:: The data ::
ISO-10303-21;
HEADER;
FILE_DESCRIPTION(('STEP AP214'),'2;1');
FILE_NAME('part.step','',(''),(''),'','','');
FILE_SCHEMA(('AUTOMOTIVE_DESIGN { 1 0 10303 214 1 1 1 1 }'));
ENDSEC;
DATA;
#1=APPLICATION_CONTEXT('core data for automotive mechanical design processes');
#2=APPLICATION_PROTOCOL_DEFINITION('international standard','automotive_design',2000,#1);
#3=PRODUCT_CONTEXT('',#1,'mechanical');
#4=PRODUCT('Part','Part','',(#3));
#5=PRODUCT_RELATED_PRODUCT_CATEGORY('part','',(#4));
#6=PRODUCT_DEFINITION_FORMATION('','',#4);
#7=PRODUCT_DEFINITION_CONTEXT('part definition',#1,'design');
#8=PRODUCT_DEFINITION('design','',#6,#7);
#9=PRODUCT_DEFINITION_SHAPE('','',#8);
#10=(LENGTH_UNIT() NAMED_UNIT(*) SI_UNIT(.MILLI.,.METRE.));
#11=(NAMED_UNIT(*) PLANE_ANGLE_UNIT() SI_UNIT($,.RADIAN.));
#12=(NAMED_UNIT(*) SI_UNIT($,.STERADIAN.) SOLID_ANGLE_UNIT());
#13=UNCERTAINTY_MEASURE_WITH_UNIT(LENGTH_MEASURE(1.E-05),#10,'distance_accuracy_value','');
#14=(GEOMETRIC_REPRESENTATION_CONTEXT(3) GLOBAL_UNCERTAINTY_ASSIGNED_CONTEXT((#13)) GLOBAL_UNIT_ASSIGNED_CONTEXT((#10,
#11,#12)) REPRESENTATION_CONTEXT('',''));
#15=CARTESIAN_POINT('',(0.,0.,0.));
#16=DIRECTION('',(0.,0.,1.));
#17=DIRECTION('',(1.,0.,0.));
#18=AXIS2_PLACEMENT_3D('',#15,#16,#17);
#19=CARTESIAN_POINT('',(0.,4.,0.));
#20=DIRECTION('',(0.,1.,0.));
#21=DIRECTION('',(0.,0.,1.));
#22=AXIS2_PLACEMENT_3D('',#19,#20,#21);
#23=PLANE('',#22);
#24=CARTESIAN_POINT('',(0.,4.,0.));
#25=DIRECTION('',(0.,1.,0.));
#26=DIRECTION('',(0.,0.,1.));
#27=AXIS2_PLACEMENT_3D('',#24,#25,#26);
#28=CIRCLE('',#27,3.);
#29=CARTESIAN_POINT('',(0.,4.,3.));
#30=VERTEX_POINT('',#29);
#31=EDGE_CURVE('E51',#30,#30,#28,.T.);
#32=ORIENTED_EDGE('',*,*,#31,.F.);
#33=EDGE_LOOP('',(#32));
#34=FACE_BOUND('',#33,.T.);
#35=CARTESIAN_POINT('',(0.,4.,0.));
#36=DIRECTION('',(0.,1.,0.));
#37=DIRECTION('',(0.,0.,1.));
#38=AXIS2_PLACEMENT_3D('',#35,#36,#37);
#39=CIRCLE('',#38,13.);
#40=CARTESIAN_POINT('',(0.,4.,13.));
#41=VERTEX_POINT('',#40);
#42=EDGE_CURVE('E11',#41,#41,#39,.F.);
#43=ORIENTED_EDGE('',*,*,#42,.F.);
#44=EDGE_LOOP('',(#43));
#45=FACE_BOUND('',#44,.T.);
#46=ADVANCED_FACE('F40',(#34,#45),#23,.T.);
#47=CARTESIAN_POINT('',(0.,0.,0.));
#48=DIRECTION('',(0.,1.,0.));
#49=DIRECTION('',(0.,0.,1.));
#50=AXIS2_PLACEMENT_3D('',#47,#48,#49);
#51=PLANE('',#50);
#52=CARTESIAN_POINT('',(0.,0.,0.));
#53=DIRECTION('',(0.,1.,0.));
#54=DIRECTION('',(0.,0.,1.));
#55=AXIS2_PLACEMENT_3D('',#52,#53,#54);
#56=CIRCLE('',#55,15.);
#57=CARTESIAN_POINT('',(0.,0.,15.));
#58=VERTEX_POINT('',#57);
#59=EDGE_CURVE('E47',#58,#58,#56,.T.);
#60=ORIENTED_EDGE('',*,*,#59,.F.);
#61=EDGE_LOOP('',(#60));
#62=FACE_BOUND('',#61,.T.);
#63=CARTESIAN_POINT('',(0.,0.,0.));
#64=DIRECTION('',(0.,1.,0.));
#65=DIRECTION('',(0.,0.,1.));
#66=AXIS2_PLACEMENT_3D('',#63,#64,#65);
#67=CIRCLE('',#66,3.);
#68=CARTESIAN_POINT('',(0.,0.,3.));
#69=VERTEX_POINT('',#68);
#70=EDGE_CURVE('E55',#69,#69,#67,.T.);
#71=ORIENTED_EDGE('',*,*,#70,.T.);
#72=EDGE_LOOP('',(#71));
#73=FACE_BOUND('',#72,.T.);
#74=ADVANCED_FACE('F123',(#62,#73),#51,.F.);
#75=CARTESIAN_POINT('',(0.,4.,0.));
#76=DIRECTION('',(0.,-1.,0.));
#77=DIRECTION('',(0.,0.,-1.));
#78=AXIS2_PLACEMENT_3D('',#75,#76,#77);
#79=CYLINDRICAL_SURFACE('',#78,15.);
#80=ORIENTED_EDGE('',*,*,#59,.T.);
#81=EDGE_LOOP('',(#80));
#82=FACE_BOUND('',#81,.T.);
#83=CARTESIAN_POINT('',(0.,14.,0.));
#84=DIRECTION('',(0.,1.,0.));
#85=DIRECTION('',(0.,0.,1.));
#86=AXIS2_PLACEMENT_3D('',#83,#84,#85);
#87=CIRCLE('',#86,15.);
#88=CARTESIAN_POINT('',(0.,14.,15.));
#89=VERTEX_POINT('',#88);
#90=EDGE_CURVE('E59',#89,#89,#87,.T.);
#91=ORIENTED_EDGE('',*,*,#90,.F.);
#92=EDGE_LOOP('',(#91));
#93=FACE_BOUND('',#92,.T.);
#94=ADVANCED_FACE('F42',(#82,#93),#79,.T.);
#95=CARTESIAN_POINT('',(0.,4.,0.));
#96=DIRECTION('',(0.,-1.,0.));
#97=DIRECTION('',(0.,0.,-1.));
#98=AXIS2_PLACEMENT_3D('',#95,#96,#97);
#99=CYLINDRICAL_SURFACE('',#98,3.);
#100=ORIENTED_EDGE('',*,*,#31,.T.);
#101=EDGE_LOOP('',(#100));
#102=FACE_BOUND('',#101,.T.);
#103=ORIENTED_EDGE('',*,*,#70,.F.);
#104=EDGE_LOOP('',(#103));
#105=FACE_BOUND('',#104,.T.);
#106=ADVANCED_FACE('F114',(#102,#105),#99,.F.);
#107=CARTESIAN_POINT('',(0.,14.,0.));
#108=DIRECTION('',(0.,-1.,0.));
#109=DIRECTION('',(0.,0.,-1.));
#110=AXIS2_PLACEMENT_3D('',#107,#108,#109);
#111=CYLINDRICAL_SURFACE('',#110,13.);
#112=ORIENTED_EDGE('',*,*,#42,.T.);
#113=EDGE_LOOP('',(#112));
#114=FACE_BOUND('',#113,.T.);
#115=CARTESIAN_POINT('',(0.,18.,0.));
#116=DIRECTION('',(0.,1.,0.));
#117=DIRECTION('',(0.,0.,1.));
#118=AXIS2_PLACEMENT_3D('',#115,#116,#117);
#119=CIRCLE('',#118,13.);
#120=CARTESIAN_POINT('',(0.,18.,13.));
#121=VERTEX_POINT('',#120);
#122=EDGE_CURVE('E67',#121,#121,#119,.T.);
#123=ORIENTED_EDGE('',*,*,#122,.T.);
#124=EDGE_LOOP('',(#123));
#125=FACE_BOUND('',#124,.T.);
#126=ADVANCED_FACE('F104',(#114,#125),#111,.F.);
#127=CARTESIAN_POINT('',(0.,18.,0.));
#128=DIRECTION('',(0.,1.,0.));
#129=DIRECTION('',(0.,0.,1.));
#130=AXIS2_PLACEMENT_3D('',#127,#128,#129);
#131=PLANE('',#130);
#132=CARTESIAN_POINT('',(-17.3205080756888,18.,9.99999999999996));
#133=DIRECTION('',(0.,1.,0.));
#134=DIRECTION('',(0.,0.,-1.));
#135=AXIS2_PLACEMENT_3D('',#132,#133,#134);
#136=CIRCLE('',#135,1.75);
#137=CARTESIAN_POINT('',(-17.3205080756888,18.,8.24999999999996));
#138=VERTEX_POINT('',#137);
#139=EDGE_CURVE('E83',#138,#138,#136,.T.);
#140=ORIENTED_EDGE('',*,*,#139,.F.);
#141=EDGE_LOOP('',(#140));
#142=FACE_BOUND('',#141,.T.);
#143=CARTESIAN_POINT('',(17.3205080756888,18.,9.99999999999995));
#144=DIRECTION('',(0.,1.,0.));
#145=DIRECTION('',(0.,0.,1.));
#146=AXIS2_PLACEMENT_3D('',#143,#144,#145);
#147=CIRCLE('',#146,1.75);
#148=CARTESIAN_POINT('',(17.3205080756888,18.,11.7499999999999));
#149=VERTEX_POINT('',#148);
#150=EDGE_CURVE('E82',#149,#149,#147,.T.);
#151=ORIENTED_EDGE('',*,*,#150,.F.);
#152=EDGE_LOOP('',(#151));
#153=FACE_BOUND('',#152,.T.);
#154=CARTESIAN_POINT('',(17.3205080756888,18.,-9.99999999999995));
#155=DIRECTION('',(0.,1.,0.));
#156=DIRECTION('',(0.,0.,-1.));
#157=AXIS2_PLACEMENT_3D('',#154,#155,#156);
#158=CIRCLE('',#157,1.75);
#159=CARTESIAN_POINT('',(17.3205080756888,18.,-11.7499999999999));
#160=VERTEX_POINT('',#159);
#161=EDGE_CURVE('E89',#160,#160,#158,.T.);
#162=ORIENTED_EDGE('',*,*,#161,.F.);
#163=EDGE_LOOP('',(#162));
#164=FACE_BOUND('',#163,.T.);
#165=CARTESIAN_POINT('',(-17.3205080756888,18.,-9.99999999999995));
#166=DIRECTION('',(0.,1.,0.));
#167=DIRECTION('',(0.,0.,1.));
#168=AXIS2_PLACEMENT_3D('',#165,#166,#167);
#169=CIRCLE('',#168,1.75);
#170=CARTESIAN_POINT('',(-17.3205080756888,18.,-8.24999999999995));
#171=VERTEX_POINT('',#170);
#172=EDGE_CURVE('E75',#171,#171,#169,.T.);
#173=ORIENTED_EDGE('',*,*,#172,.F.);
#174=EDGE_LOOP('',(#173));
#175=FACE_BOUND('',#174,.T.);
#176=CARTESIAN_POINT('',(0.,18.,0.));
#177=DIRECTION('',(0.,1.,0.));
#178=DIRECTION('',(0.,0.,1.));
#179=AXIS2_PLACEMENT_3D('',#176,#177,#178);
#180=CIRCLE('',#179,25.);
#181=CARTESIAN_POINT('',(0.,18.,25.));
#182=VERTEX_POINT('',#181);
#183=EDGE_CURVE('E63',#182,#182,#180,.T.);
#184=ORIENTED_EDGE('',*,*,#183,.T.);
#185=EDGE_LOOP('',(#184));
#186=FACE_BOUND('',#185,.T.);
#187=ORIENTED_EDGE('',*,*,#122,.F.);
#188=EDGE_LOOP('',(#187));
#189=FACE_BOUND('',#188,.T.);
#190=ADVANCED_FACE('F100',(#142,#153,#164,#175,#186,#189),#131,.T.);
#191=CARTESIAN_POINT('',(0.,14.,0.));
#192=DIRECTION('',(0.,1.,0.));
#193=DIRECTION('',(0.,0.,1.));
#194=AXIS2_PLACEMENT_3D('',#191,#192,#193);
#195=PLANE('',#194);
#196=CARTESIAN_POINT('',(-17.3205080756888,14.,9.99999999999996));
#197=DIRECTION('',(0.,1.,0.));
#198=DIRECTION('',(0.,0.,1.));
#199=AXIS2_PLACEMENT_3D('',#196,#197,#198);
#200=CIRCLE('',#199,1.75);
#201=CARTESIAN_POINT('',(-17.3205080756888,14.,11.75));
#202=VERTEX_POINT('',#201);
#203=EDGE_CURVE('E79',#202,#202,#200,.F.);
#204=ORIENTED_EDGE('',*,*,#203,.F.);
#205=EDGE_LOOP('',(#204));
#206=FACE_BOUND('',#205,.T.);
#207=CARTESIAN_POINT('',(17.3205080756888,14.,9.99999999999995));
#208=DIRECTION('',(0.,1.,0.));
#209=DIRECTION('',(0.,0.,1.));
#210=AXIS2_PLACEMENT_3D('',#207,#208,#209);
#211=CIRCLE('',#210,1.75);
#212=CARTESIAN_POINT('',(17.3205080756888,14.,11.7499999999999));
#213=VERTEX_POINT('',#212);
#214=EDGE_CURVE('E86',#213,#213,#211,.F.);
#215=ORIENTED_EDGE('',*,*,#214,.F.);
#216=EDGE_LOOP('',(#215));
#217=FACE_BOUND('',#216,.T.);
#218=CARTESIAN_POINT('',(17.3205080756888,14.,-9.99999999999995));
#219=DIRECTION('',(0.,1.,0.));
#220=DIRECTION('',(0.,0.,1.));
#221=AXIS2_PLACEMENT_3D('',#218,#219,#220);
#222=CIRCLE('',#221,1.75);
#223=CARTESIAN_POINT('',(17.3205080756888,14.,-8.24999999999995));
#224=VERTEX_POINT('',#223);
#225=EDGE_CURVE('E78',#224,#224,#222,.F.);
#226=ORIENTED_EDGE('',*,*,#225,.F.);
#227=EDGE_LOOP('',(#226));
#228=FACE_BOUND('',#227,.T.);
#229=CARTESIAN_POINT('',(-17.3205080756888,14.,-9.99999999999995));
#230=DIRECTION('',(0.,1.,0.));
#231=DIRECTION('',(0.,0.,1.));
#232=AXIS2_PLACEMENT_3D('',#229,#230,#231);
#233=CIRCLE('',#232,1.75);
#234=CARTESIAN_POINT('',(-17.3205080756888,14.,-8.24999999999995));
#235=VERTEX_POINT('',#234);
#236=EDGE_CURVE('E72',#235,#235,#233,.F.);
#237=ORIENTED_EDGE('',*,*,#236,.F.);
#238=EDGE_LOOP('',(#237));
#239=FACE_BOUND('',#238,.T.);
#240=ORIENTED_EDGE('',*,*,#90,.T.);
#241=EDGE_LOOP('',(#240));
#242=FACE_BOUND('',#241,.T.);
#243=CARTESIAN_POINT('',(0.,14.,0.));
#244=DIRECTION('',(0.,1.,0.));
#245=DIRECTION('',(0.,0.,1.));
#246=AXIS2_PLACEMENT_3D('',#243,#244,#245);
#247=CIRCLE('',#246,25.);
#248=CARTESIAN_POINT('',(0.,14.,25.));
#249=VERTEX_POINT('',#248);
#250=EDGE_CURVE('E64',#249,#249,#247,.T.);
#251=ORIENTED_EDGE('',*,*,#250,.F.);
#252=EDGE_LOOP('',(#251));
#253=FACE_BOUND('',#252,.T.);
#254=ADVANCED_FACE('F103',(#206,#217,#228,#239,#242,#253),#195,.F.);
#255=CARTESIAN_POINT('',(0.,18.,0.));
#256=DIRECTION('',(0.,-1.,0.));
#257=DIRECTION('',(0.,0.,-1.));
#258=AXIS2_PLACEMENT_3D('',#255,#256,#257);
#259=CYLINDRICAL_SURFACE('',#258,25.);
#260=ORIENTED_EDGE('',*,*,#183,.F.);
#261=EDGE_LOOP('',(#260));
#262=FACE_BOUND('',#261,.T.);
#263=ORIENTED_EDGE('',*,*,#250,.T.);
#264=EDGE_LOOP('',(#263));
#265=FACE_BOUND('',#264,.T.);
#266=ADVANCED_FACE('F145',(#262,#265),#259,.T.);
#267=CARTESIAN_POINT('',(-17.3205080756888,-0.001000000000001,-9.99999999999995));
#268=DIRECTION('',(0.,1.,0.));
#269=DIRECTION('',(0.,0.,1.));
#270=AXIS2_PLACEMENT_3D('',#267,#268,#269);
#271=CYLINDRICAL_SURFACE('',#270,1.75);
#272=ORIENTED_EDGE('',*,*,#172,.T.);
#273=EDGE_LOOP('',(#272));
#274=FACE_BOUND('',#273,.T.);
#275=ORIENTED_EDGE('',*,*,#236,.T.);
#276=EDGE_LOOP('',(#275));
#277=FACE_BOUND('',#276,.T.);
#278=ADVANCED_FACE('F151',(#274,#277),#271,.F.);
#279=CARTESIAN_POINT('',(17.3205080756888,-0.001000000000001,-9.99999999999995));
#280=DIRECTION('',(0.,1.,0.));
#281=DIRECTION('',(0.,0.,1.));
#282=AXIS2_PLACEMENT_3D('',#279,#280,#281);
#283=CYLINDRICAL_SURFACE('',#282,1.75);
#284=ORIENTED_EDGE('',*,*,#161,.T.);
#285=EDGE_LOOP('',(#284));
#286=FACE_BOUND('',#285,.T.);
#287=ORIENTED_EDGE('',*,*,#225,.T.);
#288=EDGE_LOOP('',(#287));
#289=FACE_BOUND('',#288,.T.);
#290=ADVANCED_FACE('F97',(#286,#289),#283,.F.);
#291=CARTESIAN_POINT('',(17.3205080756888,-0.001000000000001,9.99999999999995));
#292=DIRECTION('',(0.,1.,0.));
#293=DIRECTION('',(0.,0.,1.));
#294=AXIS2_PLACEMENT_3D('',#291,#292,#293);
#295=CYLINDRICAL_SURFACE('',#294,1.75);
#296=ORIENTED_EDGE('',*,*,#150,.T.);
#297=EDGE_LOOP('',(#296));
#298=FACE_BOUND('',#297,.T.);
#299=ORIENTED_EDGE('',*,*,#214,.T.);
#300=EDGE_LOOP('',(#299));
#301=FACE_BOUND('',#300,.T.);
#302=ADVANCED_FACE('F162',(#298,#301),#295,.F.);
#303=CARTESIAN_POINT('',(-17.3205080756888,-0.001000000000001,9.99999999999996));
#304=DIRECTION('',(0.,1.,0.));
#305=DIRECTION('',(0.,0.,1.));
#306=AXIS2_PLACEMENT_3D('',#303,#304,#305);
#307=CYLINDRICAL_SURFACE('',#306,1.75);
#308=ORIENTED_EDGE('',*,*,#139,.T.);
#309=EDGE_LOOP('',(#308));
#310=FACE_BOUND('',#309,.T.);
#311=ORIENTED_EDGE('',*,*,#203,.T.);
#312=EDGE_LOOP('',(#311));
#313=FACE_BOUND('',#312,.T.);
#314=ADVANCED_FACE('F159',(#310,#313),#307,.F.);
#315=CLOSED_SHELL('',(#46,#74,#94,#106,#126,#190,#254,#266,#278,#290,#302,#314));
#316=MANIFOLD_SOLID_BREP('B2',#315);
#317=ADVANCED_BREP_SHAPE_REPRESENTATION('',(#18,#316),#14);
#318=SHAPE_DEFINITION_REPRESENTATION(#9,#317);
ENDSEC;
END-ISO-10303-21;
:::
Action item: From the data above, reproduce word for word the lines running from the line with "#70=EDGE_CURVE('E55',#69,#69,#67,.T.);" to the line with "#99=CYLINDRICAL_SURFACE('',#98,3.);", ends included.

Problem solution:
#70=EDGE_CURVE('E55',#69,#69,#67,.T.);
#71=ORIENTED_EDGE('',*,*,#70,.T.);
#72=EDGE_LOOP('',(#71));
#73=FACE_BOUND('',#72,.T.);
#74=ADVANCED_FACE('F123',(#62,#73),#51,.F.);
#75=CARTESIAN_POINT('',(0.,4.,0.));
#76=DIRECTION('',(0.,-1.,0.));
#77=DIRECTION('',(0.,0.,-1.));
#78=AXIS2_PLACEMENT_3D('',#75,#76,#77);
#79=CYLINDRICAL_SURFACE('',#78,15.);
#80=ORIENTED_EDGE('',*,*,#59,.T.);
#81=EDGE_LOOP('',(#80));
#82=FACE_BOUND('',#81,.T.);
#83=CARTESIAN_POINT('',(0.,14.,0.));
#84=DIRECTION('',(0.,1.,0.));
#85=DIRECTION('',(0.,0.,1.));
#86=AXIS2_PLACEMENT_3D('',#83,#84,#85);
#87=CIRCLE('',#86,15.);
#88=CARTESIAN_POINT('',(0.,14.,15.));
#89=VERTEX_POINT('',#88);
#90=EDGE_CURVE('E59',#89,#89,#87,.T.);
#91=ORIENTED_EDGE('',*,*,#90,.F.);
#92=EDGE_LOOP('',(#91));
#93=FACE_BOUND('',#92,.T.);
#94=ADVANCED_FACE('F42',(#82,#93),#79,.T.);
#95=CARTESIAN_POINT('',(0.,4.,0.));
#96=DIRECTION('',(0.,-1.,0.));
#97=DIRECTION('',(0.,0.,-1.));
#98=AXIS2_PLACEMENT_3D('',#95,#96,#97);
#99=CYLINDRICAL_SURFACE('',#98,3.);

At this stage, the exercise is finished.